In closing, I want to give a quick overview of related work. This list is incomplete. There are tools (such as VJET for Eclipse) on which I couldn't find any detailed technical information, and there are likely others that I am not even aware of. You are encouraged to write me if you have corrections or additions.
Since VS 11, 'Intellisense' for JavaScript is nothing short of amazing. It works, as far as I understand it, by actually running your code in a magic invisible way, instrumenting the Chakra engine to ignore I/O and cut off loops that run too long or recursion that goes too deep, and then inspecting the resulting JavaScript environment to find out what actual types were created for a given variable or expression. This makes it amazingly accurate, even when you're doing very odd things with your types. Downside is that it'll sometimes not be able to run the code that you need a completion for with its actual input types (it needs to find a code path leading to that code, which can be tricky), and thus fail to provide completions.
If you're curious about this technique, there's a very watchable video of a presentation by Jonathan Carter on this subject.

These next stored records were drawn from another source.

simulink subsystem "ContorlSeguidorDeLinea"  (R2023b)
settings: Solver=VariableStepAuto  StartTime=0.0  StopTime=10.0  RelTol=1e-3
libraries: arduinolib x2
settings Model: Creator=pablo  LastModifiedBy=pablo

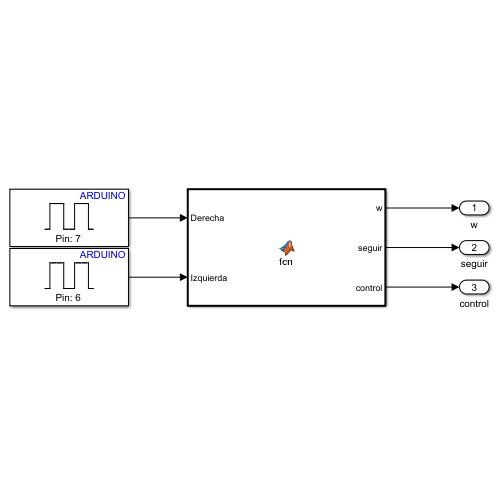
[thumbnail: Simulink's stored preview of the top-level diagram]
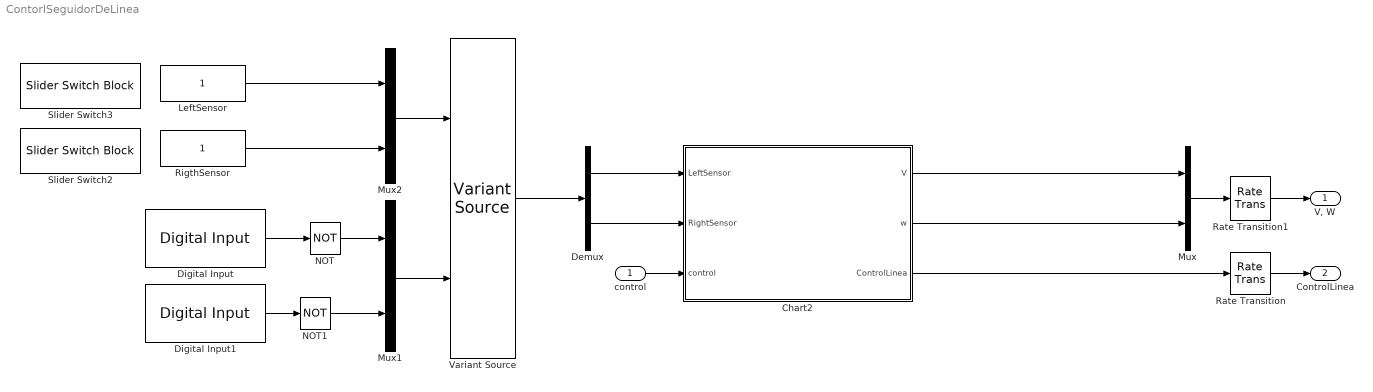
== system ContorlSeguidorDeLinea ==
  control : Inport
  Chart2 : Stateflow chart  TreatAsAtomicUnit=on
  Demux : Demux  Outputs=2
  Digital Input : arduinolib/Digital Input  pinNumber=6  mode=Default  Direction=input  SampleTime=0.01  blockPlatform=arduino
  Digital Input1 : arduinolib/Digital Input  pinNumber=7  mode=Default  Direction=input  SampleTime=0.01  blockPlatform=arduino
  LeftSensor : Constant
  Mux : Mux  Inputs=2
  Mux1 : Mux  Inputs=2
  Mux2 : Mux  Inputs=2
  NOT : Logic  Operator=NOT  IconShape=distinctive  AllPortsSameDT=off  OutDataTypeStr=boolean
  NOT1 : Logic  Operator=NOT  IconShape=distinctive  AllPortsSameDT=off  OutDataTypeStr=boolean
  Rate Transition : RateTransition
  Rate Transition1 : RateTransition
  RigthSensor : Constant
  Slider Switch2 : SliderSwitchBlock
      settings: Values={{'Linea', 'NoLinea'}, [1 0]}
  Slider Switch3 : SliderSwitchBlock
      settings: Values={{'Linea', 'NoLinea'}, [1 0]}
  Variant Source : VariantSource  VariantControlMode=sim codegen switching
  "V, W" : Outport
  ControlLinea : Outport  Port=2  OutDataTypeStr=double
  wires:
  Chart2/3(ControlLinea) -> Rate Transition/1
  Demux/1 -> Chart2/1(LeftSensor)
  Demux/2 -> Chart2/2(RightSensor)
  Chart2/1(V) -> Mux/1
  Mux/1 -> Rate Transition1/1
  Rate Transition1/1 -> "V, W"/1
  Rate Transition/1 -> ControlLinea/1
  control/1 -> Chart2/3(control)
  RigthSensor/1 -> Mux2/2
  LeftSensor/1 -> Mux2/1
  Mux2/1 -> Variant Source/1
  Digital Input1/1 -> NOT1/1
  Digital Input/1 -> NOT/1
  NOT/1 -> Mux1/1
  NOT1/1 -> Mux1/2
  Mux1/1 -> Variant Source/2
  Variant Source/1 -> Demux/1
  Chart2/2(w) -> Mux/2

== stateflow chart ContorlSeguidorDeLinea/Chart2 ==
  state Transicion_Parar
  state ObstaculoIzq
    en:
    ControlLinea = 1;
    V = 0.150;
    w = -1.5;
  state ObstaculoDcha
    en:
    ControlLinea = 1;
    V = 0.150;
    w = 1.5;
  state Seguir
    en:
    ControlLinea = 1;
    V = 0.150;
    w = 0;
  state PreparadoParabuscarLinea
  state NoSeguir
    en:
    after(2,sec)
    ControlLinea = 0;
    V = 0.150;
    w = 0;
  state BuscarLinea
    en:
    ControlLinea = 1;
    V = 0.150;
    w = 0;
  state Transicion_Empezar
  Transicion_Parar -> NoSeguir : after(0.75,sec)
  ObstaculoDcha -> Transicion_Parar [order 2] : [RightSensor==0 & LeftSensor==0 & ControlLinea == 1]
  ObstaculoIzq -> Transicion_Parar [order 2] : [RightSensor==0 & LeftSensor==0 & ControlLinea == 1]
  Seguir -> Transicion_Parar [order 1] : [RightSensor==0 & LeftSensor==0 & ControlLinea == 1]
  Seguir -> ObstaculoIzq [order 3] : [LeftSensor==0]
  Seguir -> ObstaculoDcha [order 2] : [RightSensor==0]
  ObstaculoIzq -> PreparadoParabuscarLinea [order 3] : [control == 1]
  PreparadoParabuscarLinea -> BuscarLinea : [control == 0]
  BuscarLinea -> PreparadoParabuscarLinea [order 3] : [control == 1]
  ObstaculoDcha -> PreparadoParabuscarLinea [order 3] : [control == 1]
  Seguir -> PreparadoParabuscarLinea [order 4] : [control == 1]
  (default) -> NoSeguir
  ObstaculoIzq -> Seguir [order 1] : [LeftSensor==1]
  ObstaculoDcha -> Seguir [order 1] : [RightSensor==1]
  Transicion_Empezar -> Seguir : after(0.75,sec)
  BuscarLinea -> NoSeguir [order 2] : after(5,sec)
  NoSeguir -> Transicion_Empezar : [RightSensor==0 & LeftSensor==0 & ControlLinea == 0]
  BuscarLinea -> Transicion_Empezar [order 1] : [RightSensor==0 || LeftSensor==0]
  data: V output double size=1; w output double size=1; LeftSensor input size=1; RightSensor input size=1; ControlLinea output double size=1; control input
  data V settings: description=Velocidad lineal del vehiculo

The Scriped editor is a relatively new code editor with a focus on editing JavaScript. It comes bundled with a plugin that parses your code and runs a type inference algorithm on it in order to provide completions. This is similar to the approach taken by Tern, except that its inference algorithm is very different. From a quick reading of the code, it appears to be mostly bottom-up, with a second pass that does some propagation. See also this blog post.
jsctags
is a tool that generates Ctags files
from JavaScript code. doctorjs
is a fork of jsctags
which
uses a more advanced form of abstract interpretation in its inference
algorithm.
Both projects have been more or less abandoned, and don't yield very
good results. They did influence (mostly through Patrick Walton's
doctorjsmm
experiment) the design of Tern a lot. But I've
always felt that the static, non-interactive way Ctags (or Etags)
work, which undoubtedly made sense back when they were invented, is
awkward and not really appropriate anymore. Tern uses a 'live' data
source—a process that updates it analysis as you change the
code—instead.
The inference algorithm that doctorjsmm
tries to implement is based
on the type inference subsystem of the SpiderMonkey JavaScript
engine. Tern's algorithm is also closely based on this technique
(outlined in this paper).
However, a JavaScript compiler and an editing assistance plugin have quite different goals, and thus also quite different requirements for their type inference algorithms. SpiderMonkey's compilation process has to be lightning fast, and Tern can take (a little) more time if that happens to improve results. SpiderMonkey has to be conservative, since producing incorrect information to the compiler might result in segmentation faults or exploitable bugs in the compiled code. Tern can more freely use approximations, since getting an inaccurate auto-completion doesn't usually cause disaster. And finally, SpiderMonkey's type inference can use feedback from the actual running code. Tern doesn't run the code, so it doesn't have that luxury.